Like the naïve little first year auxiliar that I am, I decided to pay my school a visit, learn my way around its grounds, and figure out my commute prior to the first day of classes. Whoops.
Flashback to yesterday: after not receiving any email/response from the school I'm supposed to be working at starting Monday, innocent, unknowing little me comes up with the brilliant idea to visit and learn the lay of the land in person.
(I maybe didn’t *entirely* come up with this idea on my own considering the carta de nombramiento we received from the Community of Madrid describing our placement and pay explicitly says we should go before the first day of classes)
Anyway, there I am in the Boadilla Centro metro ligero station—which, the metro ligero is AMAZING, free wifi for days, super fast—at 10 till 9am, and I look at my phone with maps pulled up so I can follow my teeny tiny dot toward my school. Well, I get "there." Except "there" is this huge, gated compound-looking situation. With possibly eight (8!) gate-doors. So of course, the logical course of action is for me to stand petrified and look at one specific gate labeled Secretaria (secretary) for 45 minutes debating the best course of action. There was a fancy buzzer/video combo just waiting for me to pluck up an ounce of courage.
Luckily, no one made me say anything when I finally pressed the button, considering the phrases I had prepared—por favor “please,” ayúdeme “help me,” disculpe “excuse me/beg your pardon”—this is a very good thing. No, they thankfully just buzzed me in silently.
So I enter this compound situation that doubles as a school (it’s actually extremely nice and cute and had those pleasant triangle roofs shading the patio outside the entrance that you see all over elementary schools in my county in Middle Tennessee; it just had the misfortune of having six different buildings that all look the same and are surrounded by a very serious wall). Of course there are no signs anywhere pointing to the main office, so I wander around a sort of quadrangle in the center of all these buildings, deciding that my best bet was to pick the one building without art projects on the walls and signs like 1º, 2º, 3º (which were abbreviations for grade levels).
Finally I get to the main office, where the secretary is super friendly, kind, and excited to see me. She takes me to the principal, who is in a meeting, so she lets me wait in the staff room. After a few minutes, I meet the principal, who spoke no English, and a secondary school bilingual teacher (I believe he was from the UK, he had an English accent). Then she introduces me to another English teacher in the school (unclear if she was secondary or primary). For the next twenty minutes she passes me off to English teacher after English teacher while she finished getting a card signed (the whole scenario is very funny from an American perspective--if I had shown up at my childhood elementary school unannounced, the principal would have been buzzed, I would have been told to wait quietly in the office and handed a yearbook or PTO manual or something). Eventually, the headmaster asks me for the documents that allow me to work with children in Spain, and then she proceeds to take me to meet the primary school bilingual coordinator.

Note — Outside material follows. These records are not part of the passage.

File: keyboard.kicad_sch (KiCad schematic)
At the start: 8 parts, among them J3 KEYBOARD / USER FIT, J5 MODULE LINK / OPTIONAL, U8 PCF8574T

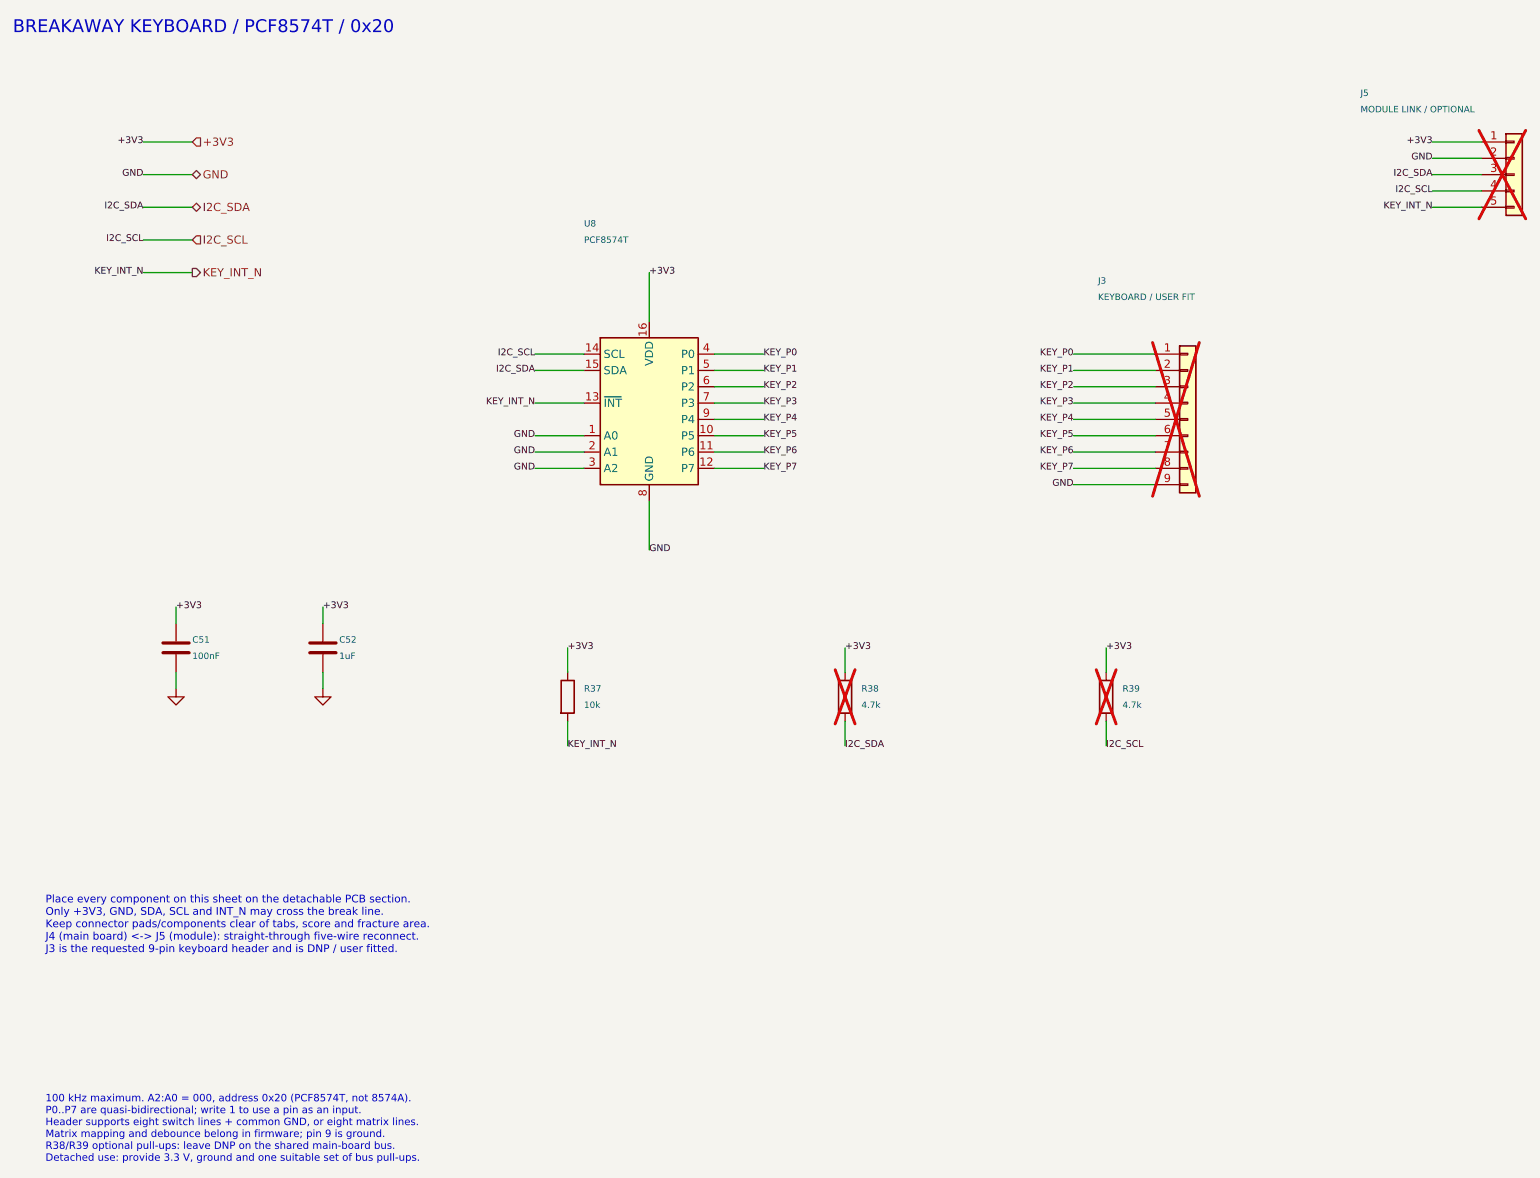
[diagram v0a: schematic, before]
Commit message: Keep keypad signals on center seven header pins
Retain the DNP nine-pin header with pins 1 and 9 isolated. Map pins 2-8
to PCF8574 P0-P6, preserving the early prototype's seven-contact order,
and leave P7 unconnected.

Document the researched keypad matrix mapping and scanning behavior.
Update schematic notes, connectivity checks, BOM, verification report,
and schematic PDF.

Validation: zero native KiCad ERC violations; seven-contact mapping
matches the early netlist; isolated pins and DNP status verified;
updated schematic pages visually inspected.
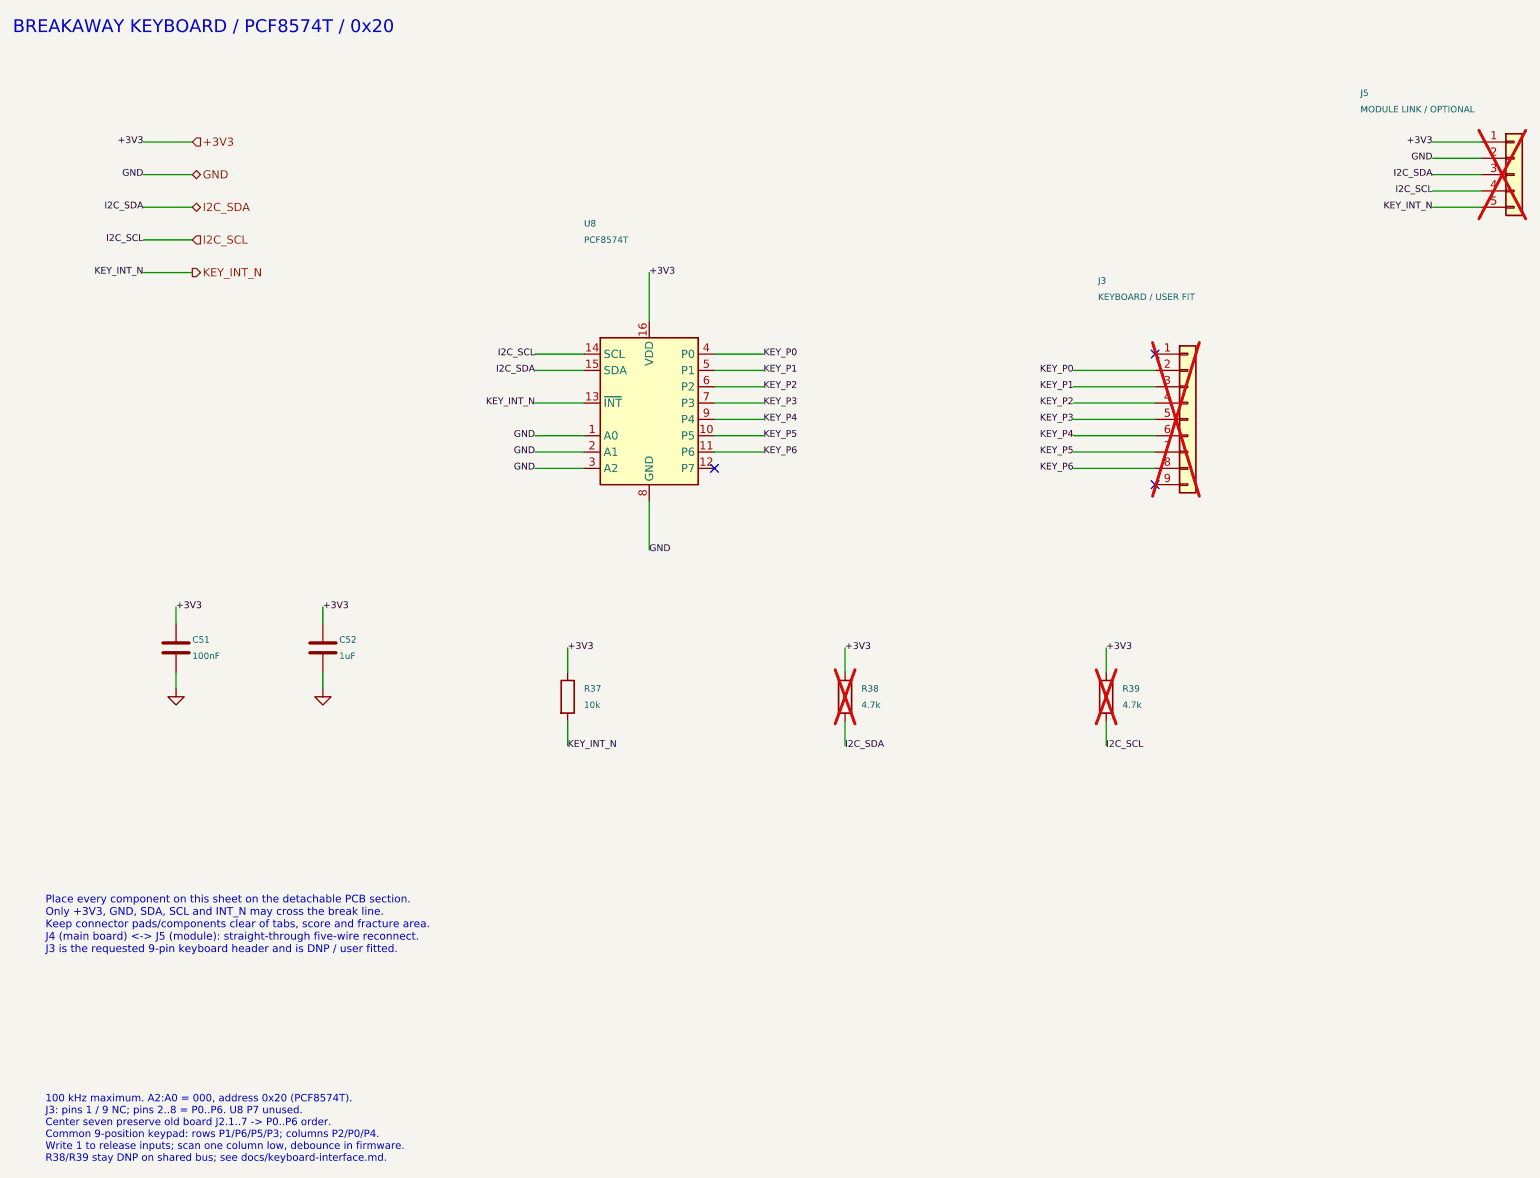
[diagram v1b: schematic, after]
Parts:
- J3: Compatibility (none) -> Center seven retain old nucula-board J2.1..7 -> PCF8574 P0.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; Keypad Reference (none) -> https://learn.adafruit.com/matrix-keypad/pinouts; Pinout 1..8=P0..P7; 9=GND -> 1=NC; 2..8=P0..P6; 9=NC; Status (none) -> DNP/user-fitted 9-pin header; pins 1 and 9 isolated; 3x4 ma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
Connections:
- net GND: no longer J3.9 (Pin_9)
- net KEY_P0: now also J3.2 (Pin_2); no longer J3.1 (Pin_1)
- net KEY_P1: now also J3.3 (Pin_3); no longer J3.2 (Pin_2)
- net KEY_P2: now also J3.4 (Pin_4); no longer J3.3 (Pin_3)
- net KEY_P3: now also J3.5 (Pin_5); no longer J3.4 (Pin_4)
- net KEY_P4: now also J3.6 (Pin_6); no longer J3.5 (Pin_5)
- net KEY_P5: now also J3.7 (Pin_7); no longer J3.6 (Pin_6)
- net KEY_P6: now also J3.8 (Pin_8); no longer J3.7 (Pin_7)
- net KEY_P7: no longer names the net of U8.12 (P7)
- net KEY_P7: no longer J3.8 (Pin_8)
- no-connect marks 0 -> 3
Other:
- note added: "100 kHz maximum. A2:A0 = 000, address 0x20 (PCF8574T). J3: pins 1 / 9 NC; pins 2..8 = P0..P6. U8 P7 unused. Center seven preserve old board J2.1..7 -> P0..P6 order. Common 9-position keypad: rows P1/P6/P5/P3; columns P2/P0/P4. Write 1 to release inputs; scan one column low, debounce in firmware. R38/R39 stay DNP on shared bus; see docs/keyboard-interface.md."
- note removed: "100 kHz maximum. A2:A0 = 000, address 0x20 (PCF8574T, not 8574A). P0..P7 are quasi-bidirectional; write 1 to use a pin as an input. Header supports eight switch lines + common GND, or eight matrix lines. Matrix mapping and debounce belong in firmware; pin 9 is ground. R38/R39 optional pull-ups: leave DNP on the shared main-board bus. Detached use: provide 3.3 V, ground and one suitable set of bus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"
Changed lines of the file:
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@@
-    )
-  )
-  (wire
-    (pts
-      (xy 124.46 86.36)
-      (xy 132.08 86.36)
-    )
-    (stroke
-      (width 0)
-      (type default)
-    )
-  )
-  (label "KEY_P7"
-    (at 132.08 86.36 0)
-    (effects
-      (font
-        (size 1.05 1.05)
-      )
-      (justify left)
     )
   )
@@
       )
     )
-    (property "Pinout" "1..8=P0..P7; 9=GND"
+    (property "Pinout" "1=NC; 2..8=P0..P6; 9=NC"
       (at 198.12 78.74 0)
       (effects
@@
         (hide yes)
         (justify left)
+      )
+    )
+    (property "Compatibility" "Center seven retain old nucula-board J2.1..7 -> PCF8574 P0..P6 order"
+      (at 198.12 78.74 0)
+      (effects
+        (font
+          (size 1.27 1.27)
+        )
+        (hide yes)
+      )
+    )
+    (property "Keypad Reference" "https://learn.adafruit.com/matrix-keypad/pinouts"
+      (at 198.12 78.74 0)
+      (effects
+        (font
+          (size 1.27 1.27)
+        )
+        (hide yes)
+      )
+    )
+    (property "Status" "DNP/user-fitted 9-pin header; pins 1 and 9 isolated; 3x4 matrix on center seven"
+      (at 198.12 78.74 0)
+      (effects
+        (font
+          (size 1.27 1.27)
+        )
+        (hide yes)
       )
     )
@@
   (wire
     (pts
-      (xy 193.04 68.58)
-      (xy 180.34 68.58)
-    )
-    (stroke
-      (width 0)
-      (type default)
-    )
-  )
-  (label "KEY_P0"
-    (at 180.34 68.58 180)
-    (effects
-      (font
-        (size 1.05 1.05)
-      )
-      (justify right)
-    )
-  )
-  (wire
-    (pts
       (xy 193.04 71.12)
       (xy 180.34 71.12)
@@
     )
   )
-  (label "KEY_P1"
+  (label "KEY_P0"
     (at 180.34 71.12 180)
     (effects
@@
     )
   )
-  (label "KEY_P2"
+  (label "KEY_P1"
     (at 180.34 73.66 180)
     (effects
@@
     )
   )
-  (label "KEY_P3"
+  (label "KEY_P2"
     (at 180.34 76.2 180)
     (effects
@@
     )
   )
-  (label "KEY_P4"
+  (label "KEY_P3"
     (at 180.34 78.74 180)
     (effects
@@
     )
   )
-  (label "KEY_P5"
+  (label "KEY_P4"
     (at 180.34 81.28 180)
     (effects
@@
     )
   )
-  (label "KEY_P6"
+  (label "KEY_P5"
     (at 180.34 83.82 180)
     (effects
@@
     )
   )
-  (label "KEY_P7"
+  (label "KEY_P6"
     (at 180.34 86.36 180)
-    (effects
-      (font
-        (size 1.05 1.05)
-      )
-      (justify right)
-    )
-  )
-  (wire
-    (pts
-      (xy 193.04 88.9)
-      (xy 180.34 88.9)
-    )
-    (stroke
-      (width 0)
-      (type default)
-    )
-  )
-  (label "GND"
-    (at 180.34 88.9 180)
     (effects
       (font
@@
     )
   )
-  (text "100 kHz maximum. A2:A0 = 000, address 0x20 (PCF8574T, not 8574A).\nP0..P7 are quasi-bidirectional; write 1 to use a pin as an input.\nHeader supports eight switch lines + common GND, or eight matrix lines.\nMatrix mapping and debounce belong in firmware; pin 9 is ground.\nR38/R39 optional pull-ups: leave DNP on the shared main-board bus.\nDetached use: provide 3.3 V, ground and one suitable set of bus pull-ups."
+  (text "100 kHz maximum. A2:A0 = 000, address 0x20 (PCF8574T).\nJ3: pins 1 / 9 NC; pins 2..8 = P0..P6. U8 P7 unused.\nCenter seven preserve old board J2.1..7 -> P0..P6 order.\nCommon 9-position keypad: rows P1/P6/P5/P3; columns P2/P0/P4.\nWrite 1 to release inputs; scan one column low, debounce in firmware.\nR38/R39 stay DNP on shared bus; see docs/keyboard-interface.md."
     (at 20.32 189.23 0)
     (effects
@@
   )
   (embedded_fonts no)
+  (no_connect
+    (at 193.04 68.58)
+  )
+  (no_connect
+    (at 193.04 88.9)
+  )
+  (no_connect
+    (at 124.46 86.36)
+  )
 )

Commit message: Prepare components and JLCPCB BOM for 10-board assembly
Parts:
- C51: LCSC (none) -> C1591; MPN (none) -> CL10B104KB8NNNC; Manufacturer (none) -> Samsung Electro-Mechanics; Voltage 10 V -> 50 V
- C52: LCSC (none) -> C28323; MPN (none) -> CL21B105KBFNNNE; Manufacturer (none) -> Samsung Electro-Mechanics; Tolerance 20% -> 10%; Voltage 10 V -> 50 V
- R37: LCSC (none) -> C25804; MPN (none) -> 0603WAF1002T5E; Manufacturer (none) -> UNI-ROYAL(Uniroyal Elec)
- U8: LCSC (none) -> C7605; Manufacturer NXP -> NXP Semicon
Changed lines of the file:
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@@
       )
     )
-    (property "Manufacturer" "NXP"
+    (property "Manufacturer" "NXP Semicon"
       (at 114.3 78.74 0)
       (effects
@@
           (unit 1)
         )
+      )
+    )
+    (property "LCSC" "C7605"
+      (at 114.3 78.74 0)
+      (effects
+        (font
+          (size 1.0 1.0)
+        )
+        (hide yes)
       )
     )
@@
       )
     )
-    (property "Datasheet" ""
+    (property "Datasheet" "https://www.lcsc.com/datasheet/lcsc_datasheet_2304140030_Samsung-Electro-Mechanics-CL10B104KB8NNNC_C1591.pdf"
       (at 40.64 114.3 0)
       (effects
@@
       )
     )
-    (property "Voltage" "10 V"
+    (property "Voltage" "50 V"
       (at 40.64 114.3 0)
       (effects
@@
           (unit 1)
         )
+      )
+    )
+    (property "Manufacturer" "Samsung Electro-Mechanics"
+      (at 40.64 114.3 0)
+      (effects
+        (font
+          (size 1.0 1.0)
+        )
+        (hide yes)
+      )
+    )
+    (property "MPN" "CL10B104KB8NNNC"
+      (at 40.64 114.3 0)
+      (effects
+        (font
+          (size 1.0 1.0)
+        )
+        (hide yes)
+      )
+    )
+    (property "LCSC" "C1591"
+      (at 40.64 114.3 0)
+      (effects
+        (font
+          (size 1.0 1.0)
+        )
+        (hide yes)
       )
     )
@@
       )
     )
-    (property "Datasheet" ""
+    (property "Datasheet" "https://www.lcsc.com/datasheet/lcsc_datasheet_2304140030_Samsung-Electro-Mechanics-CL21B105KBFNNNE_C28323.pdf"
       (at 63.5 114.3 0)
       (effects
@@
       )
     )
-    (property "Voltage" "10 V"
+    (property "Voltage" "50 V"
       (at 63.5 114.3 0)
       (effects
@@
       )
     )
-    (property "Tolerance" "20%"
+    (property "Tolerance" "10%"
       (at 63.5 114.3 0)
       (effects
@@
           (unit 1)
         )
+      )
+    )
+    (property "Manufacturer" "Samsung Electro-Mechanics"
+      (at 63.5 114.3 0)
+      (effects
+        (font
+          (size 1.0 1.0)
+        )
+        (hide yes)
+      )
+    )
+    (property "MPN" "CL21B105KBFNNNE"
+      (at 63.5 114.3 0)
+      (effects
+        (font
+          (size 1.0 1.0)
+        )
+        (hide yes)
+      )
+    )
+    (property "LCSC" "C28323"
+      (at 63.5 114.3 0)
+      (effects
+        (font
+          (size 1.0 1.0)
+        )
+        (hide yes)
       )
     )
@@
       )
     )
-    (property "Datasheet" ""
+    (property "Datasheet" "https://www.lcsc.com/datasheet/lcsc_datasheet_2206010045_UNI-ROYAL-Uniroyal-Elec-0603WAF1002T5E_C25804.pdf"
       (at 101.6 121.92 0)
       (effects
@@
       )
     )
+    (property "Manufacturer" "UNI-ROYAL(Uniroyal Elec)"
+      (at 101.6 121.92 0)
+      (effects
+        (font
+          (size 1.0 1.0)
+        )
+        (hide yes)
+      )
+    )
+    (property "MPN" "0603WAF1002T5E"
+      (at 101.6 121.92 0)
+      (effects
+        (font
+          (size 1.0 1.0)
+        )
+        (hide yes)
+      )
+    )
+    (property "LCSC" "C25804"
+      (at 101.6 121.92 0)
+      (effects
+        (font
+          (size 1.0 1.0)
+        )
+        (hide yes)
+      )
+    )

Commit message: Qualify stocked parts and release October 9 production package
Replace four unavailable BOM lines, preserve rev-A NFC copper and placement, and include 792 simulation cases with fresh production validation. Remove superseded manufacturing packages so only the latest release remains.
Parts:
- C51: LCSC C1591 -> C913912; MPN CL10B104KB8NNNC -> CL10B104KB8NNNL
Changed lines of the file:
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@@
       )
     )
-    (property "Datasheet" "https://www.lcsc.com/datasheet/lcsc_datasheet_2304140030_Samsung-Electro-Mechanics-CL10B104KB8NNNC_C1591.pdf"
+    (property "Datasheet" "https://product.samsungsem.com/cn/mlcc/CL10B104KB8NNN.do"
       (at 40.64 114.3 0)
       (effects
@@
       )
     )
-    (property "MPN" "CL10B104KB8NNNC"
+    (property "MPN" "CL10B104KB8NNNL"
       (at 40.64 114.3 0)
       (effects
@@
       )
     )
-    (property "LCSC" "C1591"
+    (property "LCSC" "C913912"
       (at 40.64 114.3 0)
       (effects

The primary school coordinator was in the middle of teaching a class. So the principal interrupts and drops me off with the coordinator in front of 20 third graders, who were very adorable and kept waving (kids are the best). The coordinator explains what they’re working on, then asks me to write a quick presentation and give it to the class. So here I am, expecting to just find my school and drop off my papers with the secretary, maybe get a schedule, and instead I am all of the sudden in front of a class telling them about myself.
Mostly I’m just a little salty that I didn’t bring my computer with my slideshow and my little pillow of Washington, D.C. that I was going to use as a teaching aid for my introduction. It’s very adorable; on it are doodles of the Potomac and the Capitol and the Mall and Washington, Lincoln, and Jefferson Memorials.

I mean, look how fun this photo in my slideshow of the blizzard from this winter is! Kids love snow! This would have been a hit, I know it.
Overall, it was an incredibly exciting and fun day, but boy, did I feel like I was thrown into the deep end for a moment.
But, like all scary or anxiety-inducing experiences, it was nothing a Pumpkin Spice Latte and some free wifi couldn’t fix while I waited to meet up with friends.